In this spirit, Algeria is now reaching out to those who have joined ISIL in Syria and Iraq or similar groups in Libya and Yemen – although compared to Tunisia’s 3,000 volunteers, Algeria’s 200-400 fighters seem a rather manageable threat. Algiers is not only monitoring ISIL recruitment efforts through family contacts and social media, it has informed its citizens that they will not be punished if they repent and return home. It is also seeking to tighten state control over religious education. But as the previous amnesty programme showed, pardons alone are not enough to tackle terrorism. If not applied properly, they simply de-criminalise individuals rather than de-radicalise them.

Cooperation: the more the merrier?

Algeria’s reactions to the current turmoil in its vicinity are clearly informed by its previous experience of fighting jihadism: the combination of hard military strikes and pardons bears the hallmark of officers who lived through the dark decade. In one respect, however, the situation this time around is different: while it was largely alone in fighting Islamist networks in the 1990s, Algeria now shares the threat with countries near and far. For example, the Malian dimension of its own problems became apparent once again in March 2014, when an attack in Bamako was allegedly carried out by Mokhtar Belmokhtar.

The regional nature of the threat is challenging Algeria’s isolationist security policy. Although Algiers has been a member of NATO’s Mediterranean Dialogue since 2000, it has never operated with the alliance, in contrast to other Arab countries. It is no more active in United Nations missions, where it has contributed only a handful of experts. It is also unlikely to join the all-Arab force to combat terrorism proposed by Egypt’s President Sisi.

Nevertheless, a first step towards greater regional cooperation was the 2010 creation of a Joint Operational Army Staffs Committee (CEMOC) with Mali, Niger and Mauritania. It is based in southern Algeria and tasked with coordinating efforts against AQIM. Although CEMOC has yet to deliver in operational terms, Algeria’s involvement is significant given the country’s traditional resistance to military cooperation. Moreover, in 2012, Algeria and Tunisia formally agreed to improve security links, and in 2013 formed a military cooperation committee to share intelligence on criminal and terrorist networks, and coordinate border operations. Training and education on border security is also said to be included in the agreement. Initially, Libya was supposed to be part of trilateral meetings, but was forced to drop out due to its domestic political paralysis. Cooperation with Tunisia goes far beyond what Algeria has ever done in terms of structured military-to-military cooperation – a development which is viewed with some concern by Morocco.

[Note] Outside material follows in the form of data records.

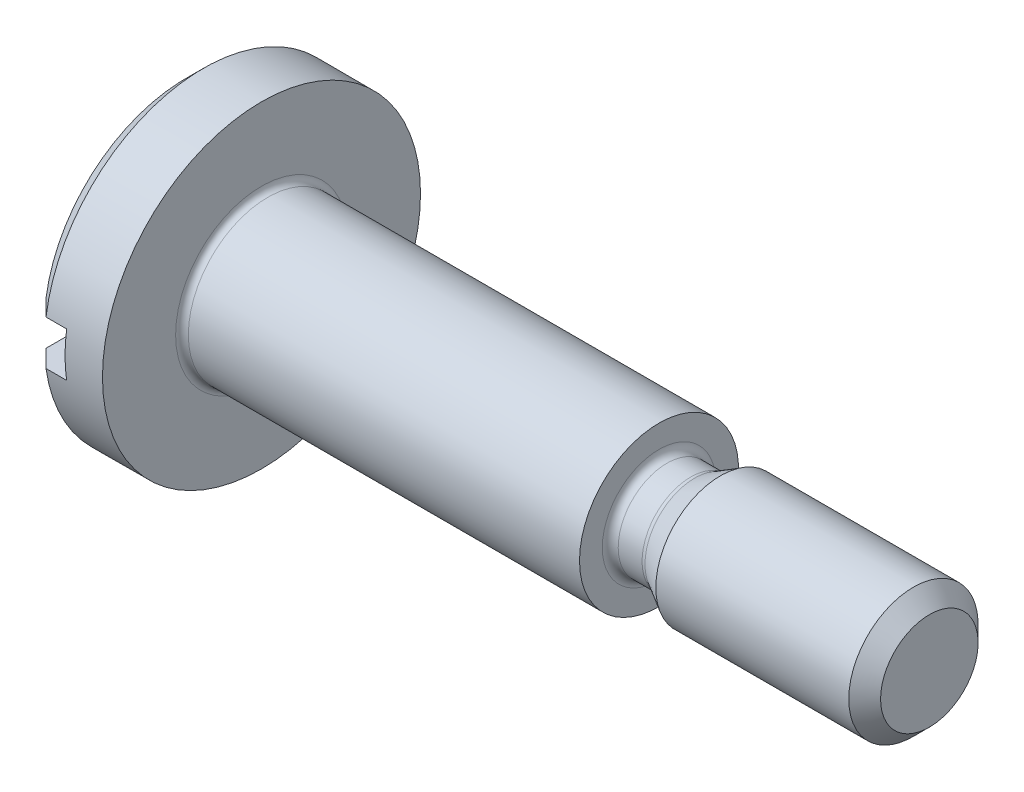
ISO-10303-21;
HEADER;
FILE_DESCRIPTION(('STEP AP214'),'2;1');
FILE_NAME('part.step','',(''),(''),'','','');
FILE_SCHEMA(('AUTOMOTIVE_DESIGN { 1 0 10303 214 1 1 1 1 }'));
ENDSEC;
DATA;
#1=APPLICATION_CONTEXT('core data for automotive mechanical design processes');
#2=APPLICATION_PROTOCOL_DEFINITION('international standard','automotive_design',2000,#1);
#3=PRODUCT_CONTEXT('',#1,'mechanical');
#4=PRODUCT('Part','Part','',(#3));
#5=PRODUCT_RELATED_PRODUCT_CATEGORY('part','',(#4));
#6=PRODUCT_DEFINITION_FORMATION('','',#4);
#7=PRODUCT_DEFINITION_CONTEXT('part definition',#1,'design');
#8=PRODUCT_DEFINITION('design','',#6,#7);
#9=PRODUCT_DEFINITION_SHAPE('','',#8);
#10=(LENGTH_UNIT() NAMED_UNIT(*) SI_UNIT(.MILLI.,.METRE.));
#11=(NAMED_UNIT(*) PLANE_ANGLE_UNIT() SI_UNIT($,.RADIAN.));
#12=(NAMED_UNIT(*) SI_UNIT($,.STERADIAN.) SOLID_ANGLE_UNIT());
#13=UNCERTAINTY_MEASURE_WITH_UNIT(LENGTH_MEASURE(1.E-05),#10,'distance_accuracy_value','');
#14=(GEOMETRIC_REPRESENTATION_CONTEXT(3) GLOBAL_UNCERTAINTY_ASSIGNED_CONTEXT((#13)) GLOBAL_UNIT_ASSIGNED_CONTEXT((#10,
#11,#12)) REPRESENTATION_CONTEXT('',''));
#15=CARTESIAN_POINT('',(0.,0.,0.));
#16=DIRECTION('',(0.,0.,1.));
#17=DIRECTION('',(1.,0.,0.));
#18=AXIS2_PLACEMENT_3D('',#15,#16,#17);
#19=CARTESIAN_POINT('',(0.,0.,0.));
#20=DIRECTION('',(-1.,0.,0.));
#21=DIRECTION('',(0.,0.,1.));
#22=AXIS2_PLACEMENT_3D('',#19,#20,#21);
#23=PLANE('',#22);
#24=DIRECTION('',(0.,0.,-1.));
#25=VECTOR('',#24,1.);
#26=CARTESIAN_POINT('',(0.,1.4,10.));
#27=LINE('',#26,#25);
#28=CARTESIAN_POINT('',(0.,1.4,8.78919791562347));
#29=VERTEX_POINT('',#28);
#30=CARTESIAN_POINT('',(0.,1.4,-8.78919791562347));
#31=VERTEX_POINT('',#30);
#32=EDGE_CURVE('E201',#29,#31,#27,.T.);
#33=ORIENTED_EDGE('',*,*,#32,.F.);
#34=CARTESIAN_POINT('',(0.,0.,0.));
#35=DIRECTION('',(-1.,0.,0.));
#36=DIRECTION('',(0.,0.,1.));
#37=AXIS2_PLACEMENT_3D('',#34,#35,#36);
#38=CIRCLE('',#37,8.9);
#39=EDGE_CURVE('E131',#29,#31,#38,.T.);
#40=ORIENTED_EDGE('',*,*,#39,.T.);
#41=EDGE_LOOP('',(#33,#40));
#42=FACE_BOUND('',#41,.T.);
#43=ADVANCED_FACE('F33',(#42),#23,.T.);
#44=CARTESIAN_POINT('',(1.1,0.,0.));
#45=DIRECTION('',(1.,0.,0.));
#46=DIRECTION('',(0.,0.,-1.));
#47=AXIS2_PLACEMENT_3D('',#44,#45,#46);
#48=CONICAL_SURFACE('',#47,10.,0.785398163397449);
#49=CARTESIAN_POINT('',(1.1,0.,0.));
#50=DIRECTION('',(-1.,0.,0.));
#51=DIRECTION('',(0.,0.,1.));
#52=AXIS2_PLACEMENT_3D('',#49,#50,#51);
#53=CIRCLE('',#52,10.);
#54=CARTESIAN_POINT('',(1.1,1.4,9.90151503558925));
#55=VERTEX_POINT('',#54);
#56=CARTESIAN_POINT('',(1.1,1.4,-9.90151503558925));
#57=VERTEX_POINT('',#56);
#58=EDGE_CURVE('E105',#55,#57,#53,.T.);
#59=ORIENTED_EDGE('',*,*,#58,.T.);
#60=CARTESIAN_POINT('',(13.1183362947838,1.4,-21.9737828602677));
#61=CARTESIAN_POINT('',(12.3669059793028,1.4,-21.2208171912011));
#62=CARTESIAN_POINT('',(11.615542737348,1.4,-20.4677845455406));
#63=CARTESIAN_POINT('',(10.1130222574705,1.4,-18.9614869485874));
#64=CARTESIAN_POINT('',(9.36186502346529,1.4,-18.2082219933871));
#65=CARTESIAN_POINT('',(7.85955437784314,1.4,-16.7010864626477));
#66=CARTESIAN_POINT('',(7.10840108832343,1.4,-15.9472157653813));
#67=CARTESIAN_POINT('',(5.60657238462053,1.4,-14.4390246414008));
#68=CARTESIAN_POINT('',(4.85589696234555,1.4,-13.6847042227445));
#69=CARTESIAN_POINT('',(3.33999593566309,1.4,-12.1599559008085));
#70=CARTESIAN_POINT('',(2.57478547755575,1.4,-11.389512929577));
#71=CARTESIAN_POINT('',(1.42799608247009,1.4,-10.2327894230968));
#72=CARTESIAN_POINT('',(1.04589366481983,1.4,-9.84702795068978));
#73=CARTESIAN_POINT('',(0.282190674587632,1.4,-9.07501238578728));
#74=CARTESIAN_POINT('',(-0.0994099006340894,1.4,-8.6887582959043));
#75=CARTESIAN_POINT('',(-0.861781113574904,1.4,-7.91562329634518));
#76=CARTESIAN_POINT('',(-1.24255193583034,1.4,-7.52874256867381));
#77=CARTESIAN_POINT('',(-2.0029710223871,1.4,-6.75386230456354));
#78=CARTESIAN_POINT('',(-2.38261926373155,1.4,-6.36586274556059));
#79=CARTESIAN_POINT('',(-2.95062619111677,1.4,-5.78247134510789));
#80=CARTESIAN_POINT('',(-3.13970884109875,1.4,-5.58778461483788));
#81=CARTESIAN_POINT('',(-3.51721231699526,1.4,-5.19777082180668));
#82=CARTESIAN_POINT('',(-3.70563314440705,1.4,-5.00244376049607));
#83=CARTESIAN_POINT('',(-4.08154641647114,1.4,-4.61091013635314));
#84=CARTESIAN_POINT('',(-4.26903889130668,1.4,-4.41470360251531));
#85=CARTESIAN_POINT('',(-4.64268522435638,1.4,-4.02102091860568));
#86=CARTESIAN_POINT('',(-4.82883909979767,1.4,-3.82354478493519));
#87=CARTESIAN_POINT('',(-5.06399679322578,1.4,-3.57145430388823));
#88=CARTESIAN_POINT('',(-5.1139632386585,1.4,-3.5177378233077));
#89=CARTESIAN_POINT('',(-5.21372029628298,1.4,-3.41014160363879));
#90=CARTESIAN_POINT('',(-5.2635109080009,1.4,-3.35626186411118));
#91=CARTESIAN_POINT('',(-5.41258534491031,1.4,-3.19434530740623));
#92=CARTESIAN_POINT('',(-5.51157032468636,1.4,-3.08603270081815));
#93=CARTESIAN_POINT('',(-5.70833720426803,1.4,-2.86859717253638));
#94=CARTESIAN_POINT('',(-5.80612060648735,1.4,-2.75947561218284));
#95=CARTESIAN_POINT('',(-6.00022872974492,1.4,-2.53994400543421));
#96=CARTESIAN_POINT('',(-6.09655349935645,1.4,-2.42953400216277));
#97=CARTESIAN_POINT('',(-6.25772763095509,1.4,-2.24124497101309));
#98=CARTESIAN_POINT('',(-6.32312294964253,1.4,-2.16383398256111));
#99=CARTESIAN_POINT('',(-6.45258851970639,1.4,-2.00791328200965));
#100=CARTESIAN_POINT('',(-6.51665882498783,1.4,-1.92940361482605));
#101=CARTESIAN_POINT('',(-6.64318992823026,1.4,-1.77073200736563));
#102=CARTESIAN_POINT('',(-6.70564571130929,1.4,-1.69056605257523));
#103=CARTESIAN_POINT('',(-6.82804619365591,1.4,-1.52834444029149));
#104=CARTESIAN_POINT('',(-6.88799131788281,1.4,-1.44628910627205));
#105=CARTESIAN_POINT('',(-6.99219748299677,1.4,-1.29689813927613));
#106=CARTESIAN_POINT('',(-7.03713410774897,1.4,-1.23003664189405));
#107=CARTESIAN_POINT('',(-7.12387095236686,1.4,-1.09424479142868));
#108=CARTESIAN_POINT('',(-7.16566966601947,1.4,-1.02531346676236));
#109=CARTESIAN_POINT('',(-7.24466911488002,1.4,-0.885132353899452));
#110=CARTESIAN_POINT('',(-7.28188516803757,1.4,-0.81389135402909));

Algeria is also particularly active now in lobbying for a joint international drive against the paying of ransoms to terrorist groups. AQIM, like other such networks, is believed to have made $60-$90 million over the past decade from kidnappings alone. In 2012, the Algiers Memorandum on Preventing and Denying the Benefits of Kidnapping for Ransom laid the groundwork for good practices designed to break the link between terrorism and kidnapping, and led to the first ever UN Security Council resolution on the issue in 2014.

The emergence of terrorism as a regional challenge vindicates Algeria’s decade-long narrative that it was violent Islamism’s first victim. But beyond immediate security challenges, it now faces an entirely new dynamic: with the rest of the Arab world now intent on greater regional security cooperation to fight terrorism, Algeria may no longer be able to go it alone. Indeed, as one of the states with the most extensive experience in this field, the country has much to contribute. If Algiers is serious about combating terrorism at home and abroad, it will have to reconsider its approach and strengthen ties with regional partners.